▸ Exercise
Look through the data below. Pick out the lines holding the string "BuildSketch".

▸ Items listed in a dataset

Segment Open

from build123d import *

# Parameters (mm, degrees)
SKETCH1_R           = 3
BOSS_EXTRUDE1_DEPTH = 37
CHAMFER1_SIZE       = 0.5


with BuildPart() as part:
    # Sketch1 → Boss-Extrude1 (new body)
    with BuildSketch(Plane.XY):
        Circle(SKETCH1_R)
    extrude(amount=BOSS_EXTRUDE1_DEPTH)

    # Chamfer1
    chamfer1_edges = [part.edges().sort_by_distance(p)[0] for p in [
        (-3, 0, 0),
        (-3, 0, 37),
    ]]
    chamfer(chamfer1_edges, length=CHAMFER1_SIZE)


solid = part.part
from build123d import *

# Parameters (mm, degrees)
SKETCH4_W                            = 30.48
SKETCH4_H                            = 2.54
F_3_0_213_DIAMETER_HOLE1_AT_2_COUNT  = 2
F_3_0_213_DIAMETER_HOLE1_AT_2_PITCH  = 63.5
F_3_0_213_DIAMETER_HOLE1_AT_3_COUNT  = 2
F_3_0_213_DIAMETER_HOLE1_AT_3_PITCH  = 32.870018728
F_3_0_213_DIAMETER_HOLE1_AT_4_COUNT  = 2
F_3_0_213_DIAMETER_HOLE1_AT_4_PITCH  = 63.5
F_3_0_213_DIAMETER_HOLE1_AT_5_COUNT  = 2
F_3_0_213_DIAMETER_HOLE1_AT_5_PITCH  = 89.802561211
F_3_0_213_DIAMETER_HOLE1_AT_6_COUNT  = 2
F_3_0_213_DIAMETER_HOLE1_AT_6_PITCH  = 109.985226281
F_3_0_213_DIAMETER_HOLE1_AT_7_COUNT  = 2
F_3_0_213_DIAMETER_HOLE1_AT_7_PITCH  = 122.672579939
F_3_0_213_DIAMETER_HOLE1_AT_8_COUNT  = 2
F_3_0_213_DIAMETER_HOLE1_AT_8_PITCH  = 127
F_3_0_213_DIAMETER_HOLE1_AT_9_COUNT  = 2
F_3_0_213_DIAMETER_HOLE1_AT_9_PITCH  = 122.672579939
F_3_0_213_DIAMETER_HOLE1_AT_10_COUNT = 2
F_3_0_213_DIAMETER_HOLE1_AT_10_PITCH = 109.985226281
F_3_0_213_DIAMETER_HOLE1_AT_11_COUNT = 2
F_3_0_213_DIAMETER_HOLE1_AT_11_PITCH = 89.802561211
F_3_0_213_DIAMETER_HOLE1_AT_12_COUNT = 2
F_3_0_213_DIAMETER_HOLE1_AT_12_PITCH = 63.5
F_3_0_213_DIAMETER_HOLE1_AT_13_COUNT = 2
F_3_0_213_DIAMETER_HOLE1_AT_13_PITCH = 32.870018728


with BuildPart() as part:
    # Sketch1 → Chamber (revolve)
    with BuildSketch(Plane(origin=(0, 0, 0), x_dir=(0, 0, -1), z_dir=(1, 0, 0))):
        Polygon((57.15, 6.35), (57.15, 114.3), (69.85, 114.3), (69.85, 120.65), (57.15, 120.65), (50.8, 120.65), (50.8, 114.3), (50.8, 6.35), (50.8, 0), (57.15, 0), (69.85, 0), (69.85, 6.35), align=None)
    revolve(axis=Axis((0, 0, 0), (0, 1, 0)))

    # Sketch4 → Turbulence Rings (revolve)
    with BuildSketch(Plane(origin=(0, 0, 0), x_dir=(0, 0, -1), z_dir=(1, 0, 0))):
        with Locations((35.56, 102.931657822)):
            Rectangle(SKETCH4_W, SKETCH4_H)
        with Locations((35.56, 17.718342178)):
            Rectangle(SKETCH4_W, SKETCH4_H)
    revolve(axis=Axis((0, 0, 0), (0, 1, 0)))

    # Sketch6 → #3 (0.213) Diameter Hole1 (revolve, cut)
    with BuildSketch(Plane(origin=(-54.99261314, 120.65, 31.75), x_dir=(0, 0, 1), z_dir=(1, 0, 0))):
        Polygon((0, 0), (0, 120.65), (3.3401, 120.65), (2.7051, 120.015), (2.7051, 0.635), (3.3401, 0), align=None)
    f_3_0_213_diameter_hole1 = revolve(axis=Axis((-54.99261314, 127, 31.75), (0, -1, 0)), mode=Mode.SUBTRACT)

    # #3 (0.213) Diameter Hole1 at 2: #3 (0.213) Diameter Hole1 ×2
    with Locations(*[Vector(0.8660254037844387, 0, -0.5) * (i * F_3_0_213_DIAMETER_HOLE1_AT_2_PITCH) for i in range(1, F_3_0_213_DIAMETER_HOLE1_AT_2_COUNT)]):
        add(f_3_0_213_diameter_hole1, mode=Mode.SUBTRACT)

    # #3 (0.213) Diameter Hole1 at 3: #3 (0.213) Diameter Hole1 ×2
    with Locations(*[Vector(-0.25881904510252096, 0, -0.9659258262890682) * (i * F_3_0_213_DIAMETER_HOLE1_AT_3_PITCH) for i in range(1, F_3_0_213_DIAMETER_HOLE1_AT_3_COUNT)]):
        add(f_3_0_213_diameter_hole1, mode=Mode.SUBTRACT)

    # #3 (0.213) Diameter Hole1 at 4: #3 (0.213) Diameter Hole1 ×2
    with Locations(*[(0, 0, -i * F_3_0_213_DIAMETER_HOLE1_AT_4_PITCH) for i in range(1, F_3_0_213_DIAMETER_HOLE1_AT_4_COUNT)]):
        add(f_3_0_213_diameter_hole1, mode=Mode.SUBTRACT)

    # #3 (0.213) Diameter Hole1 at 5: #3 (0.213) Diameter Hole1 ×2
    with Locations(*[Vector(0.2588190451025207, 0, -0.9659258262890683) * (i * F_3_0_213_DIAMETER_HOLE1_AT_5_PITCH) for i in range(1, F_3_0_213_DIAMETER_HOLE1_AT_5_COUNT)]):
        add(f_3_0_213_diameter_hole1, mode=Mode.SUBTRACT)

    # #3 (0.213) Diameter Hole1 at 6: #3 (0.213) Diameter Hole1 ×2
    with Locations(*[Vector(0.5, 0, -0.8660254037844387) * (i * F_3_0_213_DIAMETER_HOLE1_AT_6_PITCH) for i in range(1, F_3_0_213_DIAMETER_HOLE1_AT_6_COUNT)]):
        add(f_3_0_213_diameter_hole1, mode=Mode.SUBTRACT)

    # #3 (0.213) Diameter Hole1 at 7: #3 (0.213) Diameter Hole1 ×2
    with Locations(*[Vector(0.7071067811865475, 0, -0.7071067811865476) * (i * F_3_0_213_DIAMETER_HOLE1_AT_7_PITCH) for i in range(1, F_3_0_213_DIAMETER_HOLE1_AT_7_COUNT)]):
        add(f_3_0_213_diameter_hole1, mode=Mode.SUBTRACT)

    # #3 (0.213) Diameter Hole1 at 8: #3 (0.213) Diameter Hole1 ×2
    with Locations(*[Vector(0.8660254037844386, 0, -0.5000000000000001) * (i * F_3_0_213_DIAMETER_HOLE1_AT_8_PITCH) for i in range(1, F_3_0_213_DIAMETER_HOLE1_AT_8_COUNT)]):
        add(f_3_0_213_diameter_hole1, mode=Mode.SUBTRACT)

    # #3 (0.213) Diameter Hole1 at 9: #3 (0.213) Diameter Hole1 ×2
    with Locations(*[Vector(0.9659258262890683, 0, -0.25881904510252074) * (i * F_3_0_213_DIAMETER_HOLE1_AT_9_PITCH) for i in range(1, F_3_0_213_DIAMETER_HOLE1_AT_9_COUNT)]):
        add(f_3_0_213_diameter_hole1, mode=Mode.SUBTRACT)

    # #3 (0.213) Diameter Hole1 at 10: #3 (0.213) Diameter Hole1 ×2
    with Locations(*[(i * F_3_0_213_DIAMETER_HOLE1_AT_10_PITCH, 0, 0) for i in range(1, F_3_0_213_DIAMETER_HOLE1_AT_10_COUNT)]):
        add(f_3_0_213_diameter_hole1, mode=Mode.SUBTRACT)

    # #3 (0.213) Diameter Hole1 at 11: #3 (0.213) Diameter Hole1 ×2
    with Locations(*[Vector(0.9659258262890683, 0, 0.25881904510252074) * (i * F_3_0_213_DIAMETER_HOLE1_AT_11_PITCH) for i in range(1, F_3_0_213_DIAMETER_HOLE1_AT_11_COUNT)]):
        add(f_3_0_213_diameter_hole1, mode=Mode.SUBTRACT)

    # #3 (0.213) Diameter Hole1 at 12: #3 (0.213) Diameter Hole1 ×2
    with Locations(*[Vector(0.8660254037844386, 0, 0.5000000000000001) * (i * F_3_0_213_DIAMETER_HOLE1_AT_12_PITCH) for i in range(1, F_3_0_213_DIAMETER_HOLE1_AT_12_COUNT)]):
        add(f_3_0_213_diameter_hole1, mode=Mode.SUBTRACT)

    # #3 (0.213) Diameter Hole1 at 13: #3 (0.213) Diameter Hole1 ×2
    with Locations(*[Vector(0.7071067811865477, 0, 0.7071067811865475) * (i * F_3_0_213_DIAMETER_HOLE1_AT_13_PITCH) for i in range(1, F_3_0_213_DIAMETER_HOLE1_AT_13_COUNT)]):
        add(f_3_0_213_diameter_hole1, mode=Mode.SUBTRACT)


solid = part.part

Segment Closed

▸ Completed exercise
    with BuildSketch(Plane.XY):
    with BuildSketch(Plane(origin=(0, 0, 0), x_dir=(0, 0, -1), z_dir=(1, 0, 0))):
    with BuildSketch(Plane(origin=(0, 0, 0), x_dir=(0, 0, -1), z_dir=(1, 0, 0))):
    with BuildSketch(Plane(origin=(-54.99261314, 120.65, 31.75), x_dir=(0, 0, 1), z_dir=(1, 0, 0))):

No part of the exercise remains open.